*Exercise:* Please go line by line and repeat the data below exactly, with no images.

*The input:*
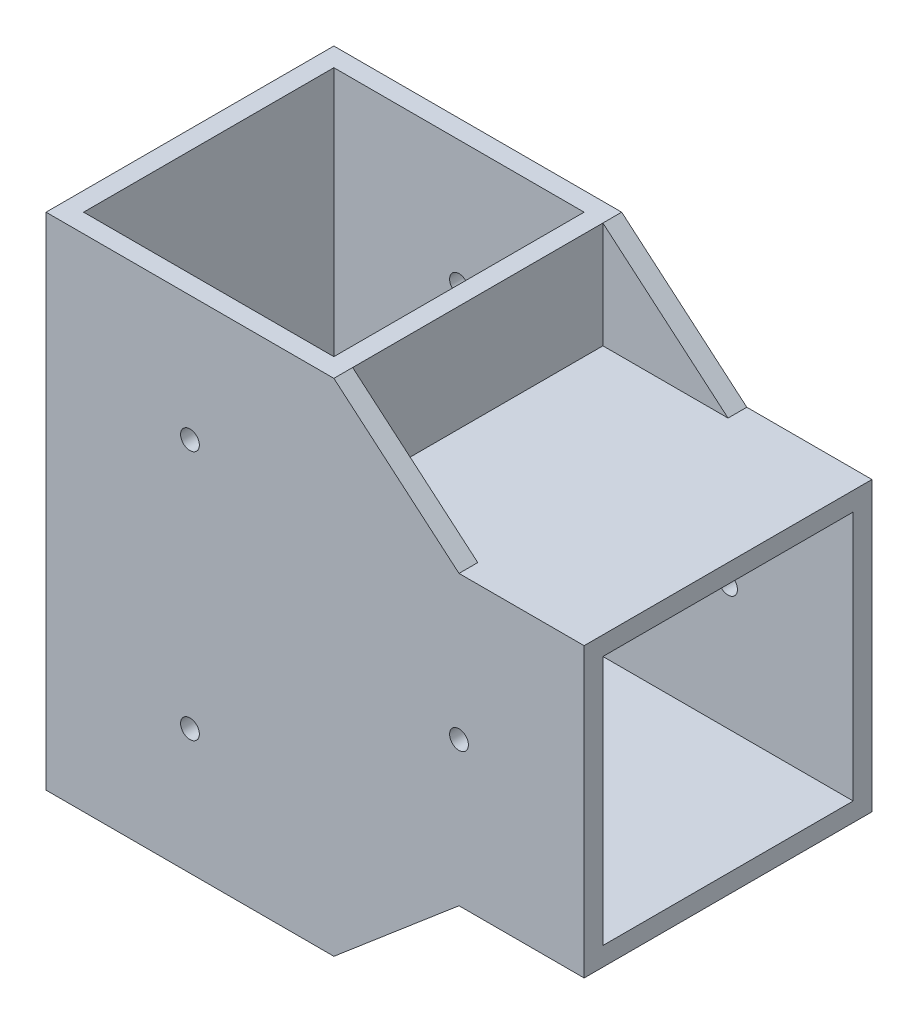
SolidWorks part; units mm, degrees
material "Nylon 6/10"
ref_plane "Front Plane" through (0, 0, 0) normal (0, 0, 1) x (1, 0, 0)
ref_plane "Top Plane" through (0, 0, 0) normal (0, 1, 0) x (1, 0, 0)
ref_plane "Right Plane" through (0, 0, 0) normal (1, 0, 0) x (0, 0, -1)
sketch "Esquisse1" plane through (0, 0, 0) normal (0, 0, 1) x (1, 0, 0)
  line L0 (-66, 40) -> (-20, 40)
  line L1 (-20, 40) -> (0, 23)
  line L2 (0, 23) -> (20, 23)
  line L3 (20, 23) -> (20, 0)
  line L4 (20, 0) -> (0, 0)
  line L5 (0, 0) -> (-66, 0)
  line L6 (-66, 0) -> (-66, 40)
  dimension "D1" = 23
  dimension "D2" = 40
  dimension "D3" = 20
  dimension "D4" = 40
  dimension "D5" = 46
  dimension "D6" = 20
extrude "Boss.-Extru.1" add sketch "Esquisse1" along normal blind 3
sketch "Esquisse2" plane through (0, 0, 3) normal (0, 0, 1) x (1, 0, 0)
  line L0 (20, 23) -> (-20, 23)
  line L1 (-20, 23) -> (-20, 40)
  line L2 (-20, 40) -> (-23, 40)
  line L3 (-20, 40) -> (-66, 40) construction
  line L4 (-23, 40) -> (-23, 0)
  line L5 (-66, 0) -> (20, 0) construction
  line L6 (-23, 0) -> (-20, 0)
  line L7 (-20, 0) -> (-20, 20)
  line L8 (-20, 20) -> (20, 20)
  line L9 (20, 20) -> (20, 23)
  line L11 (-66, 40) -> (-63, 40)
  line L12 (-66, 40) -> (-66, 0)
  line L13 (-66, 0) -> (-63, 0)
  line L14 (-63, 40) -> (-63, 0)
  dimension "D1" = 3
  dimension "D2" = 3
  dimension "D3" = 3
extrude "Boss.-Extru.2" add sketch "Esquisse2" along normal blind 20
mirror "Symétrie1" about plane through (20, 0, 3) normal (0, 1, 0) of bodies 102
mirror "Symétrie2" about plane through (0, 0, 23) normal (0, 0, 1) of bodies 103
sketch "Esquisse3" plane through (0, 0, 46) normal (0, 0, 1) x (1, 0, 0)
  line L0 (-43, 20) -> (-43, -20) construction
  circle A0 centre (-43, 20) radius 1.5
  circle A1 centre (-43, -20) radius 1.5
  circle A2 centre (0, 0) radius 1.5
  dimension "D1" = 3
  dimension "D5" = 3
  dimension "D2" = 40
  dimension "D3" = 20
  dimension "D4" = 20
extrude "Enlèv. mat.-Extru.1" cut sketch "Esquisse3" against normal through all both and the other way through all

*Solution to this exercise:*
SolidWorks part; units mm, degrees
material "Nylon 6/10"
ref_plane "Front Plane" through (0, 0, 0) normal (0, 0, 1) x (1, 0, 0)
ref_plane "Top Plane" through (0, 0, 0) normal (0, 1, 0) x (1, 0, 0)
ref_plane "Right Plane" through (0, 0, 0) normal (1, 0, 0) x (0, 0, -1)
sketch "Esquisse1" plane through (0, 0, 0) normal (0, 0, 1) x (1, 0, 0)
  line L0 (-66, 40) -> (-20, 40)
  line L1 (-20, 40) -> (0, 23)
  line L2 (0, 23) -> (20, 23)
  line L3 (20, 23) -> (20, 0)
  line L4 (20, 0) -> (0, 0)
  line L5 (0, 0) -> (-66, 0)
  line L6 (-66, 0) -> (-66, 40)
  dimension "D1" = 23
  dimension "D2" = 40
  dimension "D3" = 20
  dimension "D4" = 40
  dimension "D5" = 46
  dimension "D6" = 20
extrude "Boss.-Extru.1" add sketch "Esquisse1" along normal blind 3
sketch "Esquisse2" plane through (0, 0, 3) normal (0, 0, 1) x (1, 0, 0)
  line L0 (20, 23) -> (-20, 23)
  line L1 (-20, 23) -> (-20, 40)
  line L2 (-20, 40) -> (-23, 40)
  line L3 (-20, 40) -> (-66, 40) construction
  line L4 (-23, 40) -> (-23, 0)
  line L5 (-66, 0) -> (20, 0) construction
  line L6 (-23, 0) -> (-20, 0)
  line L7 (-20, 0) -> (-20, 20)
  line L8 (-20, 20) -> (20, 20)
  line L9 (20, 20) -> (20, 23)
  line L11 (-66, 40) -> (-63, 40)
  line L12 (-66, 40) -> (-66, 0)
  line L13 (-66, 0) -> (-63, 0)
  line L14 (-63, 40) -> (-63, 0)
  dimension "D1" = 3
  dimension "D2" = 3
  dimension "D3" = 3
extrude "Boss.-Extru.2" add sketch "Esquisse2" along normal blind 20
mirror "Symétrie1" about plane through (20, 0, 3) normal (0, 1, 0) of bodies 102
mirror "Symétrie2" about plane through (0, 0, 23) normal (0, 0, 1) of bodies 103
sketch "Esquisse3" plane through (0, 0, 46) normal (0, 0, 1) x (1, 0, 0)
  line L0 (-43, 20) -> (-43, -20) construction
  circle A0 centre (-43, 20) radius 1.5
  circle A1 centre (-43, -20) radius 1.5
  circle A2 centre (0, 0) radius 1.5
  dimension "D1" = 3
  dimension "D5" = 3
  dimension "D2" = 40
  dimension "D3" = 20
  dimension "D4" = 20
extrude "Enlèv. mat.-Extru.1" cut sketch "Esquisse3" against normal through all both and the other way through all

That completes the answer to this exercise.